Activity:
Write out, word for word, the part of the listing below that opens with the line containing "#44=CARTESIAN_POINT('',(0.,-30.8,0.));" and closes with the line containing "#64=ADVANCED_FACE('F51',(#63),#60,.T.);", keeping both of those lines and adding no others.

Dataset entries:
((
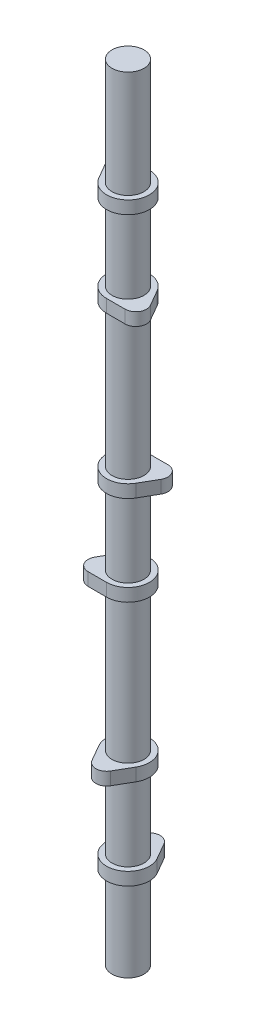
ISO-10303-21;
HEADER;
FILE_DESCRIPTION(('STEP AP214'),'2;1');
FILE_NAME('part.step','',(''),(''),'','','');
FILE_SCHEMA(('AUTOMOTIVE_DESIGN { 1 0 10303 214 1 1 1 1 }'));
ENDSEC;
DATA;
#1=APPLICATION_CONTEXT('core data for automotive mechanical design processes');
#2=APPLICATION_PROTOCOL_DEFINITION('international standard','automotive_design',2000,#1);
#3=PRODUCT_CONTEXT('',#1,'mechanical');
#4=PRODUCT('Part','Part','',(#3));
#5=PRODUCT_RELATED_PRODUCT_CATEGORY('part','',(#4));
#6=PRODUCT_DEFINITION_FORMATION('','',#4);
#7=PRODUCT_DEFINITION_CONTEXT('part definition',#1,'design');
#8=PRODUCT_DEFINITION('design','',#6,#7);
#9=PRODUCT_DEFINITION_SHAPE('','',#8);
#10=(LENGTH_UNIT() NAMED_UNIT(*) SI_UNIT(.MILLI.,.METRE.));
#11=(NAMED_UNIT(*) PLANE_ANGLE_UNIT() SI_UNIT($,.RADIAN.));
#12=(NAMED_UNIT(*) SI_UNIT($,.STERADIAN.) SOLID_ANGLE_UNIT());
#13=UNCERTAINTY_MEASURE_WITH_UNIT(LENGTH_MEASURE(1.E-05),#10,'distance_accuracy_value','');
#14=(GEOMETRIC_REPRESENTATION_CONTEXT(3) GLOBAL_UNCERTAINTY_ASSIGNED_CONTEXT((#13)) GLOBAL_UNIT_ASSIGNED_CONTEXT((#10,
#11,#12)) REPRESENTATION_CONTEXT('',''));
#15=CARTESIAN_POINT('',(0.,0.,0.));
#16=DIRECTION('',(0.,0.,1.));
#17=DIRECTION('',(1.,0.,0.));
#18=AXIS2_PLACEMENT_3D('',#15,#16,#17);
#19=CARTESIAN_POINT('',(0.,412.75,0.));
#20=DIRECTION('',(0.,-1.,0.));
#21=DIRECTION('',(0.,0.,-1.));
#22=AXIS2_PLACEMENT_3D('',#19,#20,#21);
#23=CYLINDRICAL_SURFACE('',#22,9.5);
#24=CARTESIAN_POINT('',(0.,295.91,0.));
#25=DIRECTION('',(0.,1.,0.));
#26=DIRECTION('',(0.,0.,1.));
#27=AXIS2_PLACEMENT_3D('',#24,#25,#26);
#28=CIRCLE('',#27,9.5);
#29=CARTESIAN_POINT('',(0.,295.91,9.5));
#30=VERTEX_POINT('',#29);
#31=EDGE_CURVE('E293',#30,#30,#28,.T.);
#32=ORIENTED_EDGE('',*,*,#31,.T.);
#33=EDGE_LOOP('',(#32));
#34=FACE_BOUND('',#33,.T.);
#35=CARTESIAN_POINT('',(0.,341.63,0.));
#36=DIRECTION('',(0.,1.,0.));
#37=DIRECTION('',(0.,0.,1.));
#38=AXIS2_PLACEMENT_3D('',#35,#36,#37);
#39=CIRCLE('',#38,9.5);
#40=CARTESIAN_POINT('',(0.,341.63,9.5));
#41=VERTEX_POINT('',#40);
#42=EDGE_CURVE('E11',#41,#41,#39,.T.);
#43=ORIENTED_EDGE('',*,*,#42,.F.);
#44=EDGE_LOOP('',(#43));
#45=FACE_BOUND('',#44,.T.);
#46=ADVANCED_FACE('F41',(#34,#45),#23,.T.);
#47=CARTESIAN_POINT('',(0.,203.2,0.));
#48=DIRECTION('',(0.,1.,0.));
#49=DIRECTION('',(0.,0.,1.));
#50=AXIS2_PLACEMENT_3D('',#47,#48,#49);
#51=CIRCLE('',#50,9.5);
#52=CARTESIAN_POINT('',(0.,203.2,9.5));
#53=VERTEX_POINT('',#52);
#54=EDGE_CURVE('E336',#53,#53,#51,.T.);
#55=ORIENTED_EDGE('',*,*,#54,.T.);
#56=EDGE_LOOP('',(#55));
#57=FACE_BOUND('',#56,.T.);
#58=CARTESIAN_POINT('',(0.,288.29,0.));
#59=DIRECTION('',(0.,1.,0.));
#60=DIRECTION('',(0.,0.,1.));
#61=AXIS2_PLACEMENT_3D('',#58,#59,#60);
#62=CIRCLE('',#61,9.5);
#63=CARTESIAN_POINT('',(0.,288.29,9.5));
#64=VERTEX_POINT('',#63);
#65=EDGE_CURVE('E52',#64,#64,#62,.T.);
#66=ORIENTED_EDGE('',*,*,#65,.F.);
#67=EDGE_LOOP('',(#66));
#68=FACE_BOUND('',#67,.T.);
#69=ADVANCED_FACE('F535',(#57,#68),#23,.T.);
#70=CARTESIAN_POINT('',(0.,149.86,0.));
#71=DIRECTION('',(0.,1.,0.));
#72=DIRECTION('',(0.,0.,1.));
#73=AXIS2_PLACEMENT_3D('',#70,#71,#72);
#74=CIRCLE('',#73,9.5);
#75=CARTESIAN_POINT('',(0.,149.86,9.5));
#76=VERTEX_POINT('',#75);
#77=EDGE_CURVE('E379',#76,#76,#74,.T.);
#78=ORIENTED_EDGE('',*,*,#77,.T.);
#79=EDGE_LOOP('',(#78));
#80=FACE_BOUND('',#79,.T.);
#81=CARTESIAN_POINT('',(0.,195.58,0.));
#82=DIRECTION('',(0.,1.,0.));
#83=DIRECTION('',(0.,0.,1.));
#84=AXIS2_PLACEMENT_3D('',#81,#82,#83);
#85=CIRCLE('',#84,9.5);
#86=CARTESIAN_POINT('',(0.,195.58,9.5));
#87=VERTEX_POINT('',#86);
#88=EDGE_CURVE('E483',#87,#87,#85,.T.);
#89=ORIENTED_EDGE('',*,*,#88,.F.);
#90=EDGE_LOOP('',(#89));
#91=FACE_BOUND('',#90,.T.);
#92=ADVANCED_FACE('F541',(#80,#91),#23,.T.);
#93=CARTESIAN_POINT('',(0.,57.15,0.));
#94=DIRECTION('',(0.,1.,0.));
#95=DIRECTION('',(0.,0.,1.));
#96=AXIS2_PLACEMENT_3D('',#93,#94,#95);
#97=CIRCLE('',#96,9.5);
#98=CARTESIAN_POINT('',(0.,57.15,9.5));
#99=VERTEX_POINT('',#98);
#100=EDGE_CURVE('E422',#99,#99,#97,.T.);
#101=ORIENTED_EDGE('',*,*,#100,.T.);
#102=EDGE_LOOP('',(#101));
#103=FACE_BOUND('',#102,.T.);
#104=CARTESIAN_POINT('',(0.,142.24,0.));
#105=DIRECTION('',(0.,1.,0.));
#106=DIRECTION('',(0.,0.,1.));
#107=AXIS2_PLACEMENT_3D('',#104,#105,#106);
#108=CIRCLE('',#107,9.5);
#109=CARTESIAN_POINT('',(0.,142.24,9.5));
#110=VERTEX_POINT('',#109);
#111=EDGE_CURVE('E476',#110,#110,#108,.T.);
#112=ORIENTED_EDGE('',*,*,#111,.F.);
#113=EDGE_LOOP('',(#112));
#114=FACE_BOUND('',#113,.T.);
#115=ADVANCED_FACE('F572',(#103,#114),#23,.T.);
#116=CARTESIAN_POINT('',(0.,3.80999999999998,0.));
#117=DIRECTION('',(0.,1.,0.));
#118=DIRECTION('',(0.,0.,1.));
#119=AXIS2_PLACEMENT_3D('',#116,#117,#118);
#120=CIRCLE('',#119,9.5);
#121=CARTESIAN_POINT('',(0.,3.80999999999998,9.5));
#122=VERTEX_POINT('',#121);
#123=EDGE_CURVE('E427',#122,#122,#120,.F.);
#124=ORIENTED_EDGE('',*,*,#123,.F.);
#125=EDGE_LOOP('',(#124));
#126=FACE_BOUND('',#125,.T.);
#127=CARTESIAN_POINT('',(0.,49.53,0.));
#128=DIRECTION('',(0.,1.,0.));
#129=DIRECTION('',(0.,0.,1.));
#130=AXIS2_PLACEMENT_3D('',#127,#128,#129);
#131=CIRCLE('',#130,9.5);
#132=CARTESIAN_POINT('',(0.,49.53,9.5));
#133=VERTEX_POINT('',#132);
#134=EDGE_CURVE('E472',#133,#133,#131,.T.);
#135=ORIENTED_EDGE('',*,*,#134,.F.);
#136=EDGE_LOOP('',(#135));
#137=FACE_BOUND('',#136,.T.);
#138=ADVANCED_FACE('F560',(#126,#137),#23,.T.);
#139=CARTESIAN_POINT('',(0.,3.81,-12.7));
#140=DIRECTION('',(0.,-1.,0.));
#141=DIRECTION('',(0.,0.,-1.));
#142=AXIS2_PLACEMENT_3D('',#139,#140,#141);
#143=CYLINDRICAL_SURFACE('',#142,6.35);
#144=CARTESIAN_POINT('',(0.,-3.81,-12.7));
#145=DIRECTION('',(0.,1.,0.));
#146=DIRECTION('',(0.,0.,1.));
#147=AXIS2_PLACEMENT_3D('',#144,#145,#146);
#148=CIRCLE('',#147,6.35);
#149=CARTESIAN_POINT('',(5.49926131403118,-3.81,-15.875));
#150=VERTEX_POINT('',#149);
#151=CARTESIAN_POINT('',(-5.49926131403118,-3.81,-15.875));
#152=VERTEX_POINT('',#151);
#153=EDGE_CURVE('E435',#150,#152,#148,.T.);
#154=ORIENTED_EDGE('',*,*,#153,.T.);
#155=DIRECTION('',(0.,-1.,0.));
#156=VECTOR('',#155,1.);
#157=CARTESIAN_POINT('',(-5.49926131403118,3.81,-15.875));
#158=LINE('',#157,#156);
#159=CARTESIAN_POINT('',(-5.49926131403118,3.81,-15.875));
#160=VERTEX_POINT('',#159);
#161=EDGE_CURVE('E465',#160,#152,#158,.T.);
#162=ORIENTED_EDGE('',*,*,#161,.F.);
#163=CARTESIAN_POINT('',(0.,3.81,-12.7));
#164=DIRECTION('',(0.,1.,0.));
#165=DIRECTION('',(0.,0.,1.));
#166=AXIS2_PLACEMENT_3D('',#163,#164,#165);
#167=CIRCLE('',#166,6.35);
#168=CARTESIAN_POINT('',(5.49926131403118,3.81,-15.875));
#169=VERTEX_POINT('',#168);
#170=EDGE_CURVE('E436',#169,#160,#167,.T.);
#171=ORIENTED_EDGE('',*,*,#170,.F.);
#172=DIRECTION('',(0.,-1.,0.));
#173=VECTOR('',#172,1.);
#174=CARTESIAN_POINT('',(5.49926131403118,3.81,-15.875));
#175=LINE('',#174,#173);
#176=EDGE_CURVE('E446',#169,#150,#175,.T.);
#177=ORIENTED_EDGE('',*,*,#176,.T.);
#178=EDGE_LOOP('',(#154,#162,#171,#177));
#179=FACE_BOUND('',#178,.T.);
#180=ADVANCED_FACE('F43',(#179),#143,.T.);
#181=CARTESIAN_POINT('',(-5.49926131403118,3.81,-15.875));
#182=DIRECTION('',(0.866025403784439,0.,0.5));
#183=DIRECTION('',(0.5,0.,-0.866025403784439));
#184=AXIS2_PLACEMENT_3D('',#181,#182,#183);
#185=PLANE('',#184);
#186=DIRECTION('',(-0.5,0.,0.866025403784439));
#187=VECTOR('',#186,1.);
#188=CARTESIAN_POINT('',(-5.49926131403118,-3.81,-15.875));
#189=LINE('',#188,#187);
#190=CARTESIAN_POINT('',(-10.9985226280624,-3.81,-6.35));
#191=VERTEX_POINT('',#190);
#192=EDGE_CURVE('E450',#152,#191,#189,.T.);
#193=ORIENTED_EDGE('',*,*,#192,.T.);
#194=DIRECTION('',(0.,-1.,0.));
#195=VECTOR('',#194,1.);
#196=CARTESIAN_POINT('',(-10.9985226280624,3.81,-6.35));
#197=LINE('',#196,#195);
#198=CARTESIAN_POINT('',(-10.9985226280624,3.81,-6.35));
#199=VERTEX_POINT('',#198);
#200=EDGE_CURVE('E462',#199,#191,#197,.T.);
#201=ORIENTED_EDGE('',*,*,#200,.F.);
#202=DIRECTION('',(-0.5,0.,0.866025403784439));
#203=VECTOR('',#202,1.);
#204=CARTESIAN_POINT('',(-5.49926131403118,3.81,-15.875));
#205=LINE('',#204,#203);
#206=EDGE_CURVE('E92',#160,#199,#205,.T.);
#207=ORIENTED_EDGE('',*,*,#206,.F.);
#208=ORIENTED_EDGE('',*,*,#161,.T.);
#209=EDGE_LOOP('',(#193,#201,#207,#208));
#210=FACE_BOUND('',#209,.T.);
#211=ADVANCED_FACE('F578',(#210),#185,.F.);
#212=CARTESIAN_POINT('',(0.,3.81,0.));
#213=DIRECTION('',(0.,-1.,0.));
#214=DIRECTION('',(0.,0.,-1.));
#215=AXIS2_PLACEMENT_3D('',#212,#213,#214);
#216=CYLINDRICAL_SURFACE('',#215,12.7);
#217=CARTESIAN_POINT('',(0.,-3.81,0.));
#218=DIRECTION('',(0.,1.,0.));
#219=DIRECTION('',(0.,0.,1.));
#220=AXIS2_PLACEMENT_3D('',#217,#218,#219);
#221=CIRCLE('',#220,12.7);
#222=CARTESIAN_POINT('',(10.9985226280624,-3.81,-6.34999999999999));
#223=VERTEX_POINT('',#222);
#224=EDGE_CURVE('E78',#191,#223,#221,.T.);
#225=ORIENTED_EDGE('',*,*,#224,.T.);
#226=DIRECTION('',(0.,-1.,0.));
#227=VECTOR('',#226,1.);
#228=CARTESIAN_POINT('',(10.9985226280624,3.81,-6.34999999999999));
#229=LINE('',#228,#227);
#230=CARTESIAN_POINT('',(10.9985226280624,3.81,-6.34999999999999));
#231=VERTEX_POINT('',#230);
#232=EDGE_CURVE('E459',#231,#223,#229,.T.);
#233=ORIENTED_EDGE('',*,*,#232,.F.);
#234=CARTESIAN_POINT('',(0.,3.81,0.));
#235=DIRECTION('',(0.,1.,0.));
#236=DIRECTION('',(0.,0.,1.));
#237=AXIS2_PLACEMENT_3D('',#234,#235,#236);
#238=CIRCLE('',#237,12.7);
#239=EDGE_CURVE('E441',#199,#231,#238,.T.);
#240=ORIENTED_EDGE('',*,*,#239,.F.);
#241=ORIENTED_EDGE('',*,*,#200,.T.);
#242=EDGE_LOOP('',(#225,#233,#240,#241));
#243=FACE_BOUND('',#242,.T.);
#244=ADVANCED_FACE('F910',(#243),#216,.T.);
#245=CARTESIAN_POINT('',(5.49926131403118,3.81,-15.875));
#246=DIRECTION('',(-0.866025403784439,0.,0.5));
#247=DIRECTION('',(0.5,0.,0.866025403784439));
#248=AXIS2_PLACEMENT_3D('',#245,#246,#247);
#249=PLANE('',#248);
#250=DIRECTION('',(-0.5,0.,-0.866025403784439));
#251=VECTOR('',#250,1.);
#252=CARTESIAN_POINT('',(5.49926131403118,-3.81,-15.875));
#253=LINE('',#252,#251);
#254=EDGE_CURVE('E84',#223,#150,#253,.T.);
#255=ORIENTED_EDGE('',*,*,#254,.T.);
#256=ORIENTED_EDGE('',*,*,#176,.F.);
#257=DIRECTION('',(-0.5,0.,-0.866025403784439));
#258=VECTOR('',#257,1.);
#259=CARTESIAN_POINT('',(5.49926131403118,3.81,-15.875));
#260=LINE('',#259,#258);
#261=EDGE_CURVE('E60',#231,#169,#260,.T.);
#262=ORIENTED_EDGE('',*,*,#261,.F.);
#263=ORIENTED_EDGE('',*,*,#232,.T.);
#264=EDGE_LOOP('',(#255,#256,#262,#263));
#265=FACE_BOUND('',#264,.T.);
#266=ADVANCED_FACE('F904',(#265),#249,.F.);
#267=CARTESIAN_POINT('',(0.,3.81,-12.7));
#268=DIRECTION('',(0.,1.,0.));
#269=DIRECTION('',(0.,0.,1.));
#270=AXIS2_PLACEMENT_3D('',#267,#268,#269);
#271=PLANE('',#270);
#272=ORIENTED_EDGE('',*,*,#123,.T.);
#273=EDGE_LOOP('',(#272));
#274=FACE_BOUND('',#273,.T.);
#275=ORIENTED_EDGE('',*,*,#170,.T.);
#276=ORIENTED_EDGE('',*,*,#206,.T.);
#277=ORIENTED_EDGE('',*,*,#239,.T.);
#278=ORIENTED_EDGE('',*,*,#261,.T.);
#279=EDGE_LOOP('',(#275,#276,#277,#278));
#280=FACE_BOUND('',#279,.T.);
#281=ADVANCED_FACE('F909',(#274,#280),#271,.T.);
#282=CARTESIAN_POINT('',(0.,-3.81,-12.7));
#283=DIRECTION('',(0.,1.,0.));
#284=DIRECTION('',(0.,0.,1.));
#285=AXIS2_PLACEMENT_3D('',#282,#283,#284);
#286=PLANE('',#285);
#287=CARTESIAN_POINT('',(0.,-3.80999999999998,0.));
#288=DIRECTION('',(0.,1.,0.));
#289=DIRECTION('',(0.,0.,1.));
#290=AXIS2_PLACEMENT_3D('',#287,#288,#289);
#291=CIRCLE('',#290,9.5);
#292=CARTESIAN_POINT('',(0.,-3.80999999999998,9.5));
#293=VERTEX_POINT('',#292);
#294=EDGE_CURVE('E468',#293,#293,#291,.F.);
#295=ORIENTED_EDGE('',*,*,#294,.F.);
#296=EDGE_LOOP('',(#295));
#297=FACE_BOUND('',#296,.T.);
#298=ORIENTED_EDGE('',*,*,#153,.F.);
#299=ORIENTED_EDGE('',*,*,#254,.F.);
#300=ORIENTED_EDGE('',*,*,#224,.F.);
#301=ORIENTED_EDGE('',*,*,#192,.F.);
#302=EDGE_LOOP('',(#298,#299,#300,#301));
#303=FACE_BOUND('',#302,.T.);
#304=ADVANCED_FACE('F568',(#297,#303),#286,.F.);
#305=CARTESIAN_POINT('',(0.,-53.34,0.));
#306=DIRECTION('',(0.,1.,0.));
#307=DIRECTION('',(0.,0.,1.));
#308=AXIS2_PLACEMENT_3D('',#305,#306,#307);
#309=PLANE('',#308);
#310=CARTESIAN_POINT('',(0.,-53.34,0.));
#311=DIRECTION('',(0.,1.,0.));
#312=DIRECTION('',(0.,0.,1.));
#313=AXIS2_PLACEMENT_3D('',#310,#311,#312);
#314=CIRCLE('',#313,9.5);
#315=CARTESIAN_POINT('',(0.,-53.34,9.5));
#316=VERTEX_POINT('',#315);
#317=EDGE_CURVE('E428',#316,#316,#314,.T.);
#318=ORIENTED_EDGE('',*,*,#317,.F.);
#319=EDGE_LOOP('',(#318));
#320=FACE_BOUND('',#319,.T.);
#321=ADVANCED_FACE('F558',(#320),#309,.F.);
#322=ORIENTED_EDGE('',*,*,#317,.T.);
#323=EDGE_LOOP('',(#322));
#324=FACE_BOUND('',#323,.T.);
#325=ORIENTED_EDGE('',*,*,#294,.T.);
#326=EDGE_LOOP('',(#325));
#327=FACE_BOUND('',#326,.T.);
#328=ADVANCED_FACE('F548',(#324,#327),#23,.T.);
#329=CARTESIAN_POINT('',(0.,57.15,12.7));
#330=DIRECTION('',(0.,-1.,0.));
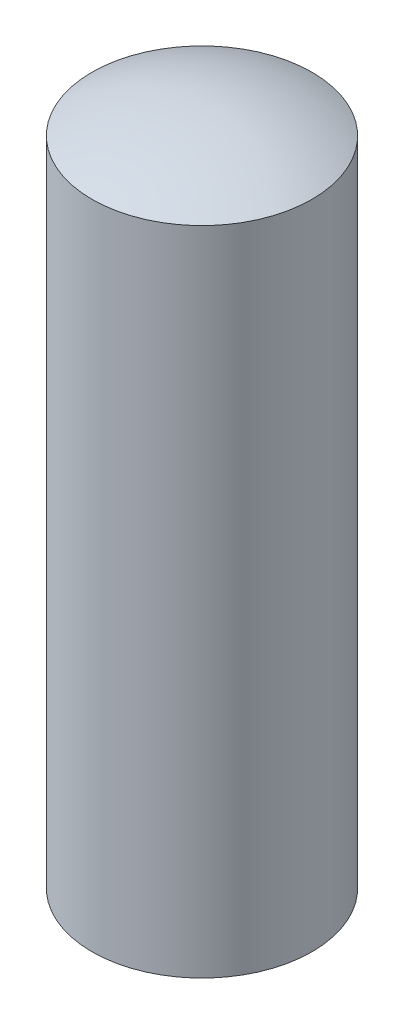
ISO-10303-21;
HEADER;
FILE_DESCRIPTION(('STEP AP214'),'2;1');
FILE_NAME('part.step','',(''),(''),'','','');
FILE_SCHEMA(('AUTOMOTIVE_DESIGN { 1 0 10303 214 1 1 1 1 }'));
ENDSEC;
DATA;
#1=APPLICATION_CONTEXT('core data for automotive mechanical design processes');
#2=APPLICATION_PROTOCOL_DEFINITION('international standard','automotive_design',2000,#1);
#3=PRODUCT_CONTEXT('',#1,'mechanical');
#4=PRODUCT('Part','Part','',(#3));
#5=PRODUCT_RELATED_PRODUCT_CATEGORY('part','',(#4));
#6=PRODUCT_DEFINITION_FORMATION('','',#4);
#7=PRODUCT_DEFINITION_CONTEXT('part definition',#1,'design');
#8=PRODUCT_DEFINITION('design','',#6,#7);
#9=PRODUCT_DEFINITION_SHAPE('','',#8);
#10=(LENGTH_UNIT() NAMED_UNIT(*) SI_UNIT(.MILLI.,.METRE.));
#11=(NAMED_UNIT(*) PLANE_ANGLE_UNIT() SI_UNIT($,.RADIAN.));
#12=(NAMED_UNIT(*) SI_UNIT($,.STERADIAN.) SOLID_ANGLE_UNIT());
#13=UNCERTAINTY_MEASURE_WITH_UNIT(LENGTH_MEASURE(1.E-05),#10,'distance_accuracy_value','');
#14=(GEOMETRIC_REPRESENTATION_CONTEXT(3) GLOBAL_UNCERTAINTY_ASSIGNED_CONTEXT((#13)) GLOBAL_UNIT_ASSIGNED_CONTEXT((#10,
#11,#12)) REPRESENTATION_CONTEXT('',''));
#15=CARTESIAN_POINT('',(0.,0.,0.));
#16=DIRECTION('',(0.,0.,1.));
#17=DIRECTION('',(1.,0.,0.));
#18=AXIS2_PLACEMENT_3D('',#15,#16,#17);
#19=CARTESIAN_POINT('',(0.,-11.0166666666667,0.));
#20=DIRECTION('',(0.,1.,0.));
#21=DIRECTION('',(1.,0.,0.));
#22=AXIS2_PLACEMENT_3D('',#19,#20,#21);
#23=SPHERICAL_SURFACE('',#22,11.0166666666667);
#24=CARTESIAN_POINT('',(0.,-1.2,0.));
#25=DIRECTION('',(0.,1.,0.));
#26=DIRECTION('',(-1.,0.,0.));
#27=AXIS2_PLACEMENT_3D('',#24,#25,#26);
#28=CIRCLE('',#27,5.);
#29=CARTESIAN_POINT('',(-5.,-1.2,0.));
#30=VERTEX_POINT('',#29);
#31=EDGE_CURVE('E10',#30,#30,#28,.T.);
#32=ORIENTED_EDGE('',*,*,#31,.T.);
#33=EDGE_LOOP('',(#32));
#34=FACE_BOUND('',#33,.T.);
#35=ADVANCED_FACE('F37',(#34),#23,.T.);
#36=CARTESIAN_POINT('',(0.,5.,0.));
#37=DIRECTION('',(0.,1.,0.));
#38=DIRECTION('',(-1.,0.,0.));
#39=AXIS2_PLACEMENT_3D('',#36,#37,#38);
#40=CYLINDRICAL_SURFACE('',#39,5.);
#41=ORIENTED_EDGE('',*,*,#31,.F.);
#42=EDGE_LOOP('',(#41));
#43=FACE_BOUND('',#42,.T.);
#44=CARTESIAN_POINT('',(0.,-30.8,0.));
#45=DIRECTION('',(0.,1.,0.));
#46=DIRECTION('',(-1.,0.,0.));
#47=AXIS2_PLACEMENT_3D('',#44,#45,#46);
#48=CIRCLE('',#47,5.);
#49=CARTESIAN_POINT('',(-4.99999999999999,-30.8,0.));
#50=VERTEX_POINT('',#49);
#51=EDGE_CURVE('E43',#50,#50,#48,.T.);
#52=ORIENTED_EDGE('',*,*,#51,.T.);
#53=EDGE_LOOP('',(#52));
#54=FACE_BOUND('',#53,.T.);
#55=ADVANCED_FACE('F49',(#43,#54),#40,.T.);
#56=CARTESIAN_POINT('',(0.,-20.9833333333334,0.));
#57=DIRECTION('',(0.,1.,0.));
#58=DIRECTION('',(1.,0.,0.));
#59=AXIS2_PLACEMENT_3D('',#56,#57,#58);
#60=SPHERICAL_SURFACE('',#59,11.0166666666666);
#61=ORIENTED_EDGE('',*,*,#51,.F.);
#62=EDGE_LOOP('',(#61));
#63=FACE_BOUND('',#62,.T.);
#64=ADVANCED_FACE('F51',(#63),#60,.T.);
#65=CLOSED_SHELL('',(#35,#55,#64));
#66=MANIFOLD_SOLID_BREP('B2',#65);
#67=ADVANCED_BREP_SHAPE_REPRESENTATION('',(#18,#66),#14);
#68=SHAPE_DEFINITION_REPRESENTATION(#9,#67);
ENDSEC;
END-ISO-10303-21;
))
Solution to this task:
#44=CARTESIAN_POINT('',(0.,-30.8,0.));
#45=DIRECTION('',(0.,1.,0.));
#46=DIRECTION('',(-1.,0.,0.));
#47=AXIS2_PLACEMENT_3D('',#44,#45,#46);
#48=CIRCLE('',#47,5.);
#49=CARTESIAN_POINT('',(-4.99999999999999,-30.8,0.));
#50=VERTEX_POINT('',#49);
#51=EDGE_CURVE('E43',#50,#50,#48,.T.);
#52=ORIENTED_EDGE('',*,*,#51,.T.);
#53=EDGE_LOOP('',(#52));
#54=FACE_BOUND('',#53,.T.);
#55=ADVANCED_FACE('F49',(#43,#54),#40,.T.);
#56=CARTESIAN_POINT('',(0.,-20.9833333333334,0.));
#57=DIRECTION('',(0.,1.,0.));
#58=DIRECTION('',(1.,0.,0.));
#59=AXIS2_PLACEMENT_3D('',#56,#57,#58);
#60=SPHERICAL_SURFACE('',#59,11.0166666666666);
#61=ORIENTED_EDGE('',*,*,#51,.F.);
#62=EDGE_LOOP('',(#61));
#63=FACE_BOUND('',#62,.T.);
#64=ADVANCED_FACE('F51',(#63),#60,.T.);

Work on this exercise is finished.